═══ Provided information

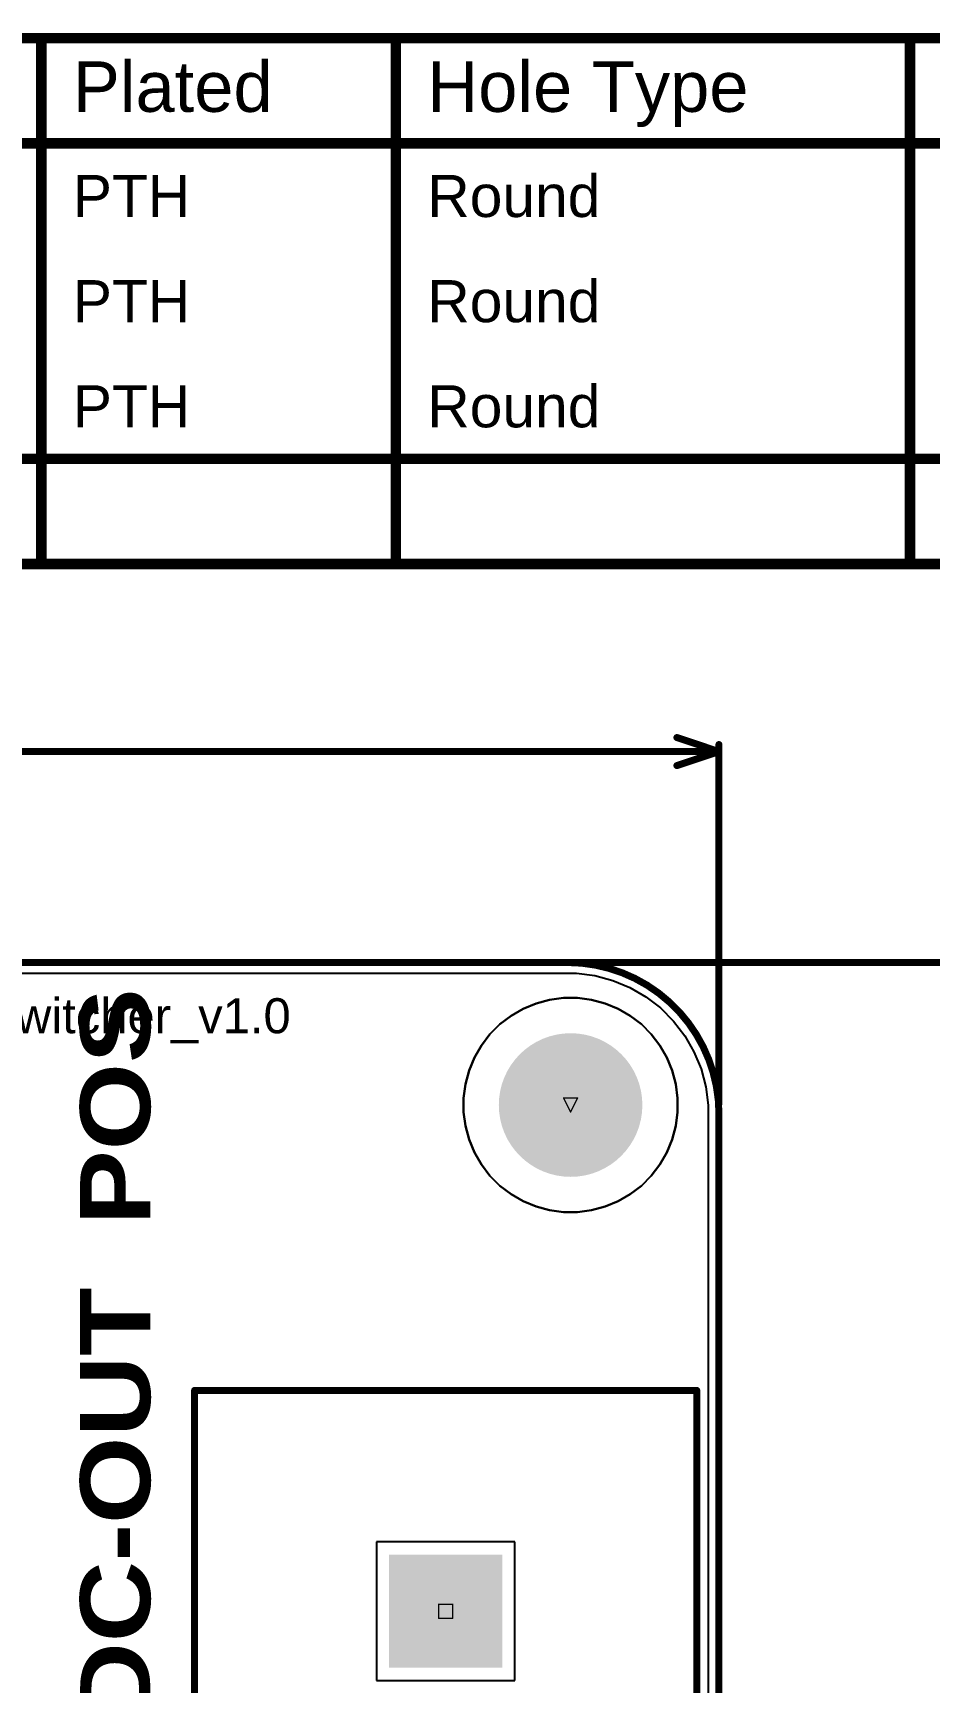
# Model space of a CAD drawing. Header units: inches. Extents: x -1 to 209, y -13 to 94.
# Drawn here: x 55.8 to 88.3, y 33.9 to 93.6 of the extents above; entities that cross this region are included whole.
import ezdxf

# ---------------------------------------------------------------- set-up
doc = ezdxf.new("R2010")
doc.units = ezdxf.units.IN
for name, color, linetype in [('Board Outline', 216, 'Continuous'), ('Bottom Layer', 5, 'Continuous'), ('Bottom Solder', 6, 'Continuous'), ('Dimensions', 6, 'Continuous'), ('Drill Drawing', 1, 'Continuous'), ('Multi-Layer', 9, 'Continuous'), ('Pad Holes', 156, 'Continuous'), ('Top Layer', 1, 'Continuous'), ('Top Overlay', 2, 'Continuous'), ('Top Solder', 216, 'Continuous')]:
    doc.layers.add(name, color=color, linetype=linetype)
doc.styles.add('Arial', font='', dxfattribs={"height": 0.2})
doc.styles.add('Arial Black_Bold', font='', dxfattribs={"height": 0.2})
doc.styles.get('Arial').set_extended_font_data('Arial')
doc.styles.get('Arial Black_Bold').set_extended_font_data('Arial Black', bold=True)

# ---------------------------------------------------------------- blocks, each defined once
blk = doc.blocks.new('KF78C_13_0_2P_22')
at = {"layer": 'Bottom Layer'}
blk.add_hatch(color=5, dxfattribs=at).paths.add_polyline_path([(-8.5, 2), (-4.5, 2), (-4.5, -2), (-8.5, -2)])
h = blk.add_hatch(color=5, dxfattribs=at)
edge = h.paths.add_edge_path()
edge.add_arc((6.5, 0), 2, 0, 360)
at = {"layer": 'Bottom Solder'}
blk.add_hatch(color=6, dxfattribs=at).paths.add_polyline_path([(-8.551, 2.051), (-4.449, 2.051), (-4.449, -2.051), (-8.551, -2.051)])
h = blk.add_hatch(color=6, dxfattribs=at)
edge = h.paths.add_edge_path()
edge.add_arc((6.5, 0), 2.051, 0, 360)
at = {"layer": 'Multi-Layer'}
blk.add_hatch(color=9, dxfattribs=at).paths.add_polyline_path([(-8.5, 2), (-4.5, 2), (-4.5, -2), (-8.5, -2)])
h = blk.add_hatch(color=9, dxfattribs=at)
edge = h.paths.add_edge_path()
edge.add_arc((6.5, 0), 2, 0, 360)
at = {"layer": 'Pad Holes'}
h = blk.add_hatch(color=7, dxfattribs=at)
edge = h.paths.add_edge_path()
edge.add_arc((-6.5, 0), 1.3, 0, 360)
h = blk.add_hatch(color=7, dxfattribs=at)
edge = h.paths.add_edge_path()
edge.add_arc((6.5, 0), 1.3, 0, 360)
at = {"layer": 'Top Layer'}
blk.add_hatch(color=1, dxfattribs=at).paths.add_polyline_path([(-8.5, 2), (-4.5, 2), (-4.5, -2), (-8.5, -2)])
h = blk.add_hatch(color=1, dxfattribs=at)
edge = h.paths.add_edge_path()
edge.add_arc((6.5, 0), 2, 0, 360)
at = {"layer": 'Top Solder'}
blk.add_hatch(color=216, dxfattribs=at).paths.add_polyline_path([(-8.551, 2.051), (-4.449, 2.051), (-4.449, -2.051), (-8.551, -2.051)])
h = blk.add_hatch(color=216, dxfattribs=at)
edge = h.paths.add_edge_path()
edge.add_arc((6.5, 0), 2.051, 0, 360)
at = {"layer": 'Top Overlay'}
for points in [[(-14.5, -9.1, 0.254, 0.254, 0), (-14.5, 9.1, 0.254, 0.254, 0)], [(14.5, 9.1, 0.254, 0.254, 0), (-14.5, 9.1, 0.254, 0.254, 0)], [(14.5, -9.1, 0.254, 0.254, 0), (14.5, 9.1, 0.254, 0.254, 0)], [(14.5, -9.1, 0.254, 0.254, 0), (-14.5, -9.1, 0.254, 0.254, 0)]]:
    blk.add_lwpolyline(points, format="xyseb", dxfattribs=at)
for points in [[(-14.563, 9.1, 0.127, 0.127, 1), (-14.436, 9.1, 0.127, 0.127, 1)], [(-14.563, 9.1, 0.127, 0.127, 1), (-14.436, 9.1, 0.127, 0.127, 1)], [(14.437, 9.1, 0.127, 0.127, 1), (14.564, 9.1, 0.127, 0.127, 1)], [(14.437, 9.1, 0.127, 0.127, 1), (14.564, 9.1, 0.127, 0.127, 1)], [(-14.563, -9.1, 0.127, 0.127, 1), (-14.436, -9.1, 0.127, 0.127, 1)], [(-14.563, -9.1, 0.127, 0.127, 1), (-14.436, -9.1, 0.127, 0.127, 1)], [(14.437, -9.1, 0.127, 0.127, 1), (14.564, -9.1, 0.127, 0.127, 1)], [(14.437, -9.1, 0.127, 0.127, 1), (14.564, -9.1, 0.127, 0.127, 1)]]:
    blk.add_lwpolyline(points, format="xyseb", close=True, dxfattribs=at)

msp = doc.modelspace()

# ---------------------------------------------------------------- hatches: boundary and pattern name
at = {"layer": 'Bottom Layer'}
h = msp.add_hatch(color=5, dxfattribs=at)
edge = h.paths.add_edge_path()
edge.add_arc((75.267, 54.758), 2.5, 0, 360)
at = {"layer": 'Bottom Solder'}
h = msp.add_hatch(color=6, dxfattribs=at)
edge = h.paths.add_edge_path()
edge.add_arc((75.267, 54.758), 2.602, 0, 360)
at = {"layer": 'Multi-Layer'}
h = msp.add_hatch(color=9, dxfattribs=at)
edge = h.paths.add_edge_path()
edge.add_arc((75.267, 54.758), 2.5, 0, 360)
at = {"layer": 'Pad Holes'}
h = msp.add_hatch(color=7, dxfattribs=at)
edge = h.paths.add_edge_path()
edge.add_arc((75.267, 54.758), 1.5, 0, 360)
at = {"layer": 'Top Layer'}
h = msp.add_hatch(color=1, dxfattribs=at)
edge = h.paths.add_edge_path()
edge.add_arc((75.267, 54.758), 2.5, 0, 360)
at = {"layer": 'Top Solder'}
h = msp.add_hatch(color=216, dxfattribs=at)
edge = h.paths.add_edge_path()
edge.add_arc((75.267, 54.758), 2.602, 0, 360)

# ---------------------------------------------------------------- linework, layer by layer
at = {"layer": 'Board Outline'}
for points in [[(0, 59.923, 0.254, 0.254, 0), (73.572, 59.923, 0.254, 0.254, 0)], [(73.572, 59.923, 0.254, 0.254, 0), (74.534, 59.923, 0.254, 0.254, 0)], [(74.534, 59.923, 0.254, 0.254, 0), (75.146, 59.923, 0.254, 0.254, 0)], [(75.146, 59.923, 0.254, 0.254, -0.414214), (80.645, 54.424, 0.254, 0.254, 0)], [(80.645, 5.41, 0.254, 0.254, 0), (80.645, 54.424, 0.254, 0.254, 0)]]:
    msp.add_lwpolyline(points, format="xyseb", dxfattribs=at)
for points in [[(73.508, 59.923, 0.127, 0.127, 1), (73.635, 59.923, 0.127, 0.127, 1)], [(73.508, 59.923, 0.127, 0.127, 1), (73.635, 59.923, 0.127, 0.127, 1)], [(74.471, 59.923, 0.127, 0.127, 1), (74.598, 59.923, 0.127, 0.127, 1)], [(74.471, 59.923, 0.127, 0.127, 1), (74.598, 59.923, 0.127, 0.127, 1)], [(75.082, 59.923, 0.127, 0.127, 1), (75.209, 59.923, 0.127, 0.127, 1)], [(75.082, 59.923, 0.127, 0.127, 1), (75.209, 59.923, 0.127, 0.127, 1)], [(80.581, 54.424, 0.127, 0.127, 1), (80.708, 54.424, 0.127, 0.127, 1)], [(80.581, 54.424, 0.127, 0.127, 1), (80.708, 54.424, 0.127, 0.127, 1)]]:
    msp.add_lwpolyline(points, format="xyseb", close=True, dxfattribs=at)
at = {"layer": 'Bottom Layer'}
for p, q in [((0.388, 59.534), (73.572, 59.534)), ((73.572, 59.534), (73.572, 59.534)), ((73.572, 59.534), (73.572, 59.534)), ((73.572, 59.534), (75.146, 59.534)), ((75.146, 59.534), (75.481, 59.534)), ((75.481, 59.534), (76.145, 59.447)), ((76.145, 59.447), (76.792, 59.273)), ((76.792, 59.273), (77.411, 59.017)), ((74.508, 58.572), (74.017, 58.44)), ((75.013, 58.638), (74.508, 58.572)), ((75.521, 58.638), (75.013, 58.638)), ((76.026, 58.572), (75.521, 58.638)), ((76.517, 58.44), (76.026, 58.572)), ((77.411, 59.017), (77.991, 58.682)), ((77.991, 58.682), (78.523, 58.274)), ((73.107, 57.991), (72.703, 57.682)), ((73.547, 58.245), (73.107, 57.991)), ((74.017, 58.44), (73.547, 58.245)), ((76.987, 58.245), (76.517, 58.44)), ((77.427, 57.991), (76.987, 58.245)), ((77.831, 57.682), (77.427, 57.991)), ((78.523, 58.274), (78.997, 57.8)), ((72.703, 57.682), (72.343, 57.322)), ((78.191, 57.322), (77.831, 57.682)), ((78.997, 57.8), (79.404, 57.269)), ((72.034, 56.918), (71.779, 56.478)), ((72.343, 57.322), (72.034, 56.918)), ((78.5, 56.918), (78.191, 57.322)), ((78.755, 56.478), (78.5, 56.918)), ((79.404, 57.269), (79.739, 56.689)), ((71.779, 56.478), (71.585, 56.008)), ((78.949, 56.008), (78.755, 56.478)), ((79.739, 56.689), (79.996, 56.07)), ((71.585, 56.008), (71.453, 55.517)), ((79.081, 55.517), (78.949, 56.008)), ((79.996, 56.07), (80.169, 55.423)), ((71.453, 55.517), (71.387, 55.012)), ((71.387, 55.012), (71.387, 54.758)), ((79.147, 55.012), (79.081, 55.517)), ((79.147, 54.758), (79.147, 55.012)), ((80.169, 55.423), (80.257, 54.758)), ((71.387, 54.758), (71.387, 54.504)), ((71.387, 54.504), (71.453, 53.999)), ((79.081, 53.999), (79.147, 54.504)), ((79.147, 54.504), (79.147, 54.758)), ((80.257, 54.758), (80.257, 54.424)), ((80.257, 54.424), (80.257, 5.41)), ((71.453, 53.999), (71.585, 53.508)), ((78.949, 53.508), (79.081, 53.999)), ((71.585, 53.508), (71.779, 53.038)), ((78.755, 53.038), (78.949, 53.508)), ((71.779, 53.038), (72.034, 52.598)), ((72.034, 52.598), (72.343, 52.194)), ((78.191, 52.194), (78.5, 52.598)), ((78.5, 52.598), (78.755, 53.038)), ((72.343, 52.194), (72.703, 51.834)), ((77.831, 51.834), (78.191, 52.194)), ((72.703, 51.834), (73.107, 51.525)), ((73.107, 51.525), (73.547, 51.27)), ((76.987, 51.27), (77.427, 51.525)), ((77.427, 51.525), (77.831, 51.834)), ((73.547, 51.27), (74.017, 51.076)), ((74.017, 51.076), (74.508, 50.944)), ((74.508, 50.944), (75.013, 50.878)), ((75.013, 50.878), (75.521, 50.878)), ((75.521, 50.878), (76.026, 50.944)), ((76.026, 50.944), (76.517, 51.076)), ((76.517, 51.076), (76.987, 51.27)), ((73.247, 38.927), (68.231, 38.927)), ((68.231, 38.927), (68.231, 33.911)), ((73.247, 33.911), (73.247, 38.927)), ((68.231, 33.911), (73.247, 33.911))]:
    msp.add_line(p, q, dxfattribs=at)
at = {"layer": 'Dimensions'}
for points in [[(79.121, 68.072, 0.254, 0.254, 0), (80.645, 67.564, 0.254, 0.254, 0)], [(44.784, 67.564, 0.254, 0.254, 0), (80.645, 67.564, 0.254, 0.254, 0)], [(79.121, 67.056, 0.254, 0.254, 0), (80.645, 67.564, 0.254, 0.254, 0)], [(80.645, 54.805, 0.254, 0.254, 0), (80.645, 67.818, 0.254, 0.254, 0)], [(74.915, 59.923, 0.254, 0.254, 0), (90.17, 59.923, 0.254, 0.254, 0)]]:
    msp.add_lwpolyline(points, format="xyseb", dxfattribs=at)
for points in [[(79.057, 68.072, 0.127, 0.127, 1), (79.184, 68.072, 0.127, 0.127, 1)], [(80.581, 67.818, 0.127, 0.127, 1), (80.708, 67.818, 0.127, 0.127, 1)], [(80.581, 67.564, 0.127, 0.127, 1), (80.708, 67.564, 0.127, 0.127, 1)], [(80.581, 67.564, 0.127, 0.127, 1), (80.708, 67.564, 0.127, 0.127, 1)], [(80.581, 67.564, 0.127, 0.127, 1), (80.708, 67.564, 0.127, 0.127, 1)], [(79.057, 67.056, 0.127, 0.127, 1), (79.184, 67.056, 0.127, 0.127, 1)], [(74.852, 59.923, 0.127, 0.127, 1), (74.979, 59.923, 0.127, 0.127, 1)], [(80.581, 54.805, 0.127, 0.127, 1), (80.708, 54.805, 0.127, 0.127, 1)]]:
    msp.add_lwpolyline(points, format="xyseb", close=True, dxfattribs=at)
at = {"layer": 'Drill Drawing'}
for points in [[(-0.826, 93.409, 0.381, 0.381, 0), (177.231, 93.409, 0.381, 0.381, 0)], [(56.081, 74.359, 0.381, 0.381, 0), (56.081, 93.409, 0.381, 0.381, 0)], [(68.93, 74.359, 0.381, 0.381, 0), (68.93, 93.409, 0.381, 0.381, 0)], [(87.568, 74.359, 0.381, 0.381, 0), (87.568, 93.409, 0.381, 0.381, 0)], [(-0.826, 89.598, 0.381, 0.381, 0), (177.231, 89.598, 0.381, 0.381, 0)], [(-0.826, 78.168, 0.381, 0.381, 0), (177.231, 78.168, 0.381, 0.381, 0)], [(-0.826, 74.359, 0.381, 0.381, 0), (177.231, 74.359, 0.381, 0.381, 0)], [(75.013, 55.012, 0.0508, 0.0508, 0), (75.521, 55.012, 0.0508, 0.0508, 0)], [(75.013, 55.012, 0.0508, 0.0508, 0), (75.267, 54.504, 0.0508, 0.0508, 0)], [(75.267, 54.504, 0.0508, 0.0508, 0), (75.521, 55.012, 0.0508, 0.0508, 0)], [(70.485, 36.673, 0.0508, 0.0508, 0), (70.993, 36.673, 0.0508, 0.0508, 0)], [(70.485, 36.165, 0.0508, 0.0508, 0), (70.485, 36.673, 0.0508, 0.0508, 0)], [(70.993, 36.165, 0.0508, 0.0508, 0), (70.993, 36.673, 0.0508, 0.0508, 0)], [(70.485, 36.165, 0.0508, 0.0508, 0), (70.993, 36.165, 0.0508, 0.0508, 0)]]:
    msp.add_lwpolyline(points, format="xyseb", dxfattribs=at)
for points in [[(55.985, 93.409, 0.191, 0.191, 1), (56.176, 93.409, 0.191, 0.191, 1)], [(68.835, 93.409, 0.191, 0.191, 1), (69.025, 93.409, 0.191, 0.191, 1)], [(87.473, 93.409, 0.191, 0.191, 1), (87.664, 93.409, 0.191, 0.191, 1)], [(55.985, 74.359, 0.191, 0.191, 1), (56.176, 74.359, 0.191, 0.191, 1)], [(68.835, 74.359, 0.191, 0.191, 1), (69.025, 74.359, 0.191, 0.191, 1)], [(87.473, 74.359, 0.191, 0.191, 1), (87.664, 74.359, 0.191, 0.191, 1)], [(75, 55.012, 0.0254, 0.0254, 1), (75.026, 55.012, 0.0254, 0.0254, 1)], [(75, 55.012, 0.0254, 0.0254, 1), (75.026, 55.012, 0.0254, 0.0254, 1)], [(75.508, 55.012, 0.0254, 0.0254, 1), (75.534, 55.012, 0.0254, 0.0254, 1)], [(75.508, 55.012, 0.0254, 0.0254, 1), (75.534, 55.012, 0.0254, 0.0254, 1)], [(75.254, 54.504, 0.0254, 0.0254, 1), (75.28, 54.504, 0.0254, 0.0254, 1)], [(75.254, 54.504, 0.0254, 0.0254, 1), (75.28, 54.504, 0.0254, 0.0254, 1)], [(70.472, 36.673, 0.0254, 0.0254, 1), (70.498, 36.673, 0.0254, 0.0254, 1)], [(70.472, 36.673, 0.0254, 0.0254, 1), (70.498, 36.673, 0.0254, 0.0254, 1)], [(70.98, 36.673, 0.0254, 0.0254, 1), (71.006, 36.673, 0.0254, 0.0254, 1)], [(70.98, 36.673, 0.0254, 0.0254, 1), (71.006, 36.673, 0.0254, 0.0254, 1)], [(70.472, 36.165, 0.0254, 0.0254, 1), (70.498, 36.165, 0.0254, 0.0254, 1)], [(70.472, 36.165, 0.0254, 0.0254, 1), (70.498, 36.165, 0.0254, 0.0254, 1)], [(70.98, 36.165, 0.0254, 0.0254, 1), (71.006, 36.165, 0.0254, 0.0254, 1)], [(70.98, 36.165, 0.0254, 0.0254, 1), (71.006, 36.165, 0.0254, 0.0254, 1)]]:
    msp.add_lwpolyline(points, format="xyseb", close=True, dxfattribs=at)
at = {"layer": 'Multi-Layer'}
for p, q in [((74.017, 58.44), (74.508, 58.572)), ((74.508, 58.572), (75.013, 58.638)), ((75.013, 58.638), (75.267, 58.638)), ((75.267, 58.638), (75.521, 58.638)), ((75.521, 58.638), (76.026, 58.572)), ((76.026, 58.572), (76.517, 58.44)), ((72.703, 57.682), (73.107, 57.991)), ((73.107, 57.991), (73.547, 58.245)), ((73.547, 58.245), (74.017, 58.44)), ((76.517, 58.44), (76.987, 58.245)), ((76.987, 58.245), (77.427, 57.991)), ((77.427, 57.991), (77.831, 57.682)), ((72.343, 57.322), (72.703, 57.682)), ((77.831, 57.682), (78.191, 57.322)), ((71.779, 56.478), (72.034, 56.918)), ((72.034, 56.918), (72.343, 57.322)), ((78.191, 57.322), (78.5, 56.918)), ((78.5, 56.918), (78.755, 56.478)), ((71.585, 56.008), (71.779, 56.478)), ((78.755, 56.478), (78.949, 56.008)), ((71.453, 55.517), (71.585, 56.008)), ((78.949, 56.008), (79.081, 55.517)), ((71.387, 55.012), (71.453, 55.517)), ((71.387, 54.758), (71.387, 55.012)), ((79.081, 55.517), (79.147, 55.012)), ((79.147, 55.012), (79.147, 54.758)), ((71.387, 54.504), (71.387, 54.758)), ((71.453, 53.999), (71.387, 54.504)), ((79.147, 54.504), (79.081, 53.999)), ((79.147, 54.758), (79.147, 54.504)), ((71.585, 53.508), (71.453, 53.999)), ((79.081, 53.999), (78.949, 53.508)), ((71.779, 53.038), (71.585, 53.508)), ((78.949, 53.508), (78.755, 53.038)), ((72.034, 52.598), (71.779, 53.038)), ((72.343, 52.194), (72.034, 52.598)), ((78.5, 52.598), (78.191, 52.194)), ((78.755, 53.038), (78.5, 52.598)), ((72.703, 51.834), (72.343, 52.194)), ((78.191, 52.194), (77.831, 51.834)), ((73.107, 51.525), (72.703, 51.834)), ((73.547, 51.27), (73.107, 51.525)), ((77.427, 51.525), (76.987, 51.27)), ((77.831, 51.834), (77.427, 51.525)), ((74.017, 51.076), (73.547, 51.27)), ((74.508, 50.944), (74.017, 51.076)), ((75.013, 50.878), (74.508, 50.944)), ((75.267, 50.878), (75.013, 50.878)), ((75.267, 50.878), (75.267, 50.878)), ((75.521, 50.878), (75.267, 50.878)), ((76.026, 50.944), (75.521, 50.878)), ((76.517, 51.076), (76.026, 50.944)), ((76.987, 51.27), (76.517, 51.076))]:
    msp.add_line(p, q, dxfattribs=at)
at = {"layer": 'Top Layer'}
for p, q in [((47.119, 59.534), (73.572, 59.534)), ((73.572, 59.534), (73.572, 59.534)), ((73.572, 59.534), (73.572, 59.534)), ((73.572, 59.534), (75.146, 59.534)), ((75.146, 59.534), (75.481, 59.534)), ((75.481, 59.534), (76.145, 59.447)), ((76.145, 59.447), (76.792, 59.273)), ((76.792, 59.273), (77.411, 59.017)), ((74.508, 58.572), (74.017, 58.44)), ((75.013, 58.638), (74.508, 58.572)), ((75.521, 58.638), (75.013, 58.638)), ((76.026, 58.572), (75.521, 58.638)), ((76.517, 58.44), (76.026, 58.572)), ((77.411, 59.017), (77.991, 58.682)), ((77.991, 58.682), (78.523, 58.274)), ((73.107, 57.991), (72.703, 57.682)), ((73.547, 58.245), (73.107, 57.991)), ((74.017, 58.44), (73.547, 58.245)), ((76.987, 58.245), (76.517, 58.44)), ((77.427, 57.991), (76.987, 58.245)), ((77.831, 57.682), (77.427, 57.991)), ((78.523, 58.274), (78.997, 57.8)), ((72.703, 57.682), (72.343, 57.322)), ((78.191, 57.322), (77.831, 57.682)), ((78.997, 57.8), (79.404, 57.269)), ((72.034, 56.918), (71.779, 56.478)), ((72.343, 57.322), (72.034, 56.918)), ((78.5, 56.918), (78.191, 57.322)), ((78.755, 56.478), (78.5, 56.918)), ((79.404, 57.269), (79.739, 56.689)), ((71.779, 56.478), (71.585, 56.008)), ((78.949, 56.008), (78.755, 56.478)), ((79.739, 56.689), (79.996, 56.07)), ((71.585, 56.008), (71.453, 55.517)), ((79.081, 55.517), (78.949, 56.008)), ((79.996, 56.07), (80.169, 55.423)), ((71.453, 55.517), (71.387, 55.012)), ((71.387, 55.012), (71.387, 54.758)), ((79.147, 55.012), (79.081, 55.517)), ((79.147, 54.758), (79.147, 55.012)), ((80.169, 55.423), (80.257, 54.758)), ((71.387, 54.758), (71.387, 54.504)), ((71.387, 54.504), (71.453, 53.999)), ((79.081, 53.999), (79.147, 54.504)), ((79.147, 54.504), (79.147, 54.758)), ((80.257, 54.758), (80.257, 54.424)), ((80.257, 54.424), (80.257, 5.41)), ((71.453, 53.999), (71.585, 53.508)), ((78.949, 53.508), (79.081, 53.999)), ((71.585, 53.508), (71.779, 53.038)), ((78.755, 53.038), (78.949, 53.508)), ((71.779, 53.038), (72.034, 52.598)), ((72.034, 52.598), (72.343, 52.194)), ((78.191, 52.194), (78.5, 52.598)), ((78.5, 52.598), (78.755, 53.038)), ((72.343, 52.194), (72.703, 51.834)), ((77.831, 51.834), (78.191, 52.194)), ((72.703, 51.834), (73.107, 51.525)), ((73.107, 51.525), (73.547, 51.27)), ((76.987, 51.27), (77.427, 51.525)), ((77.427, 51.525), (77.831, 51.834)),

══════

### Task statement
After reading the entries above, report the number of lines that include the string "Drill". Give no other text.

### Result below
2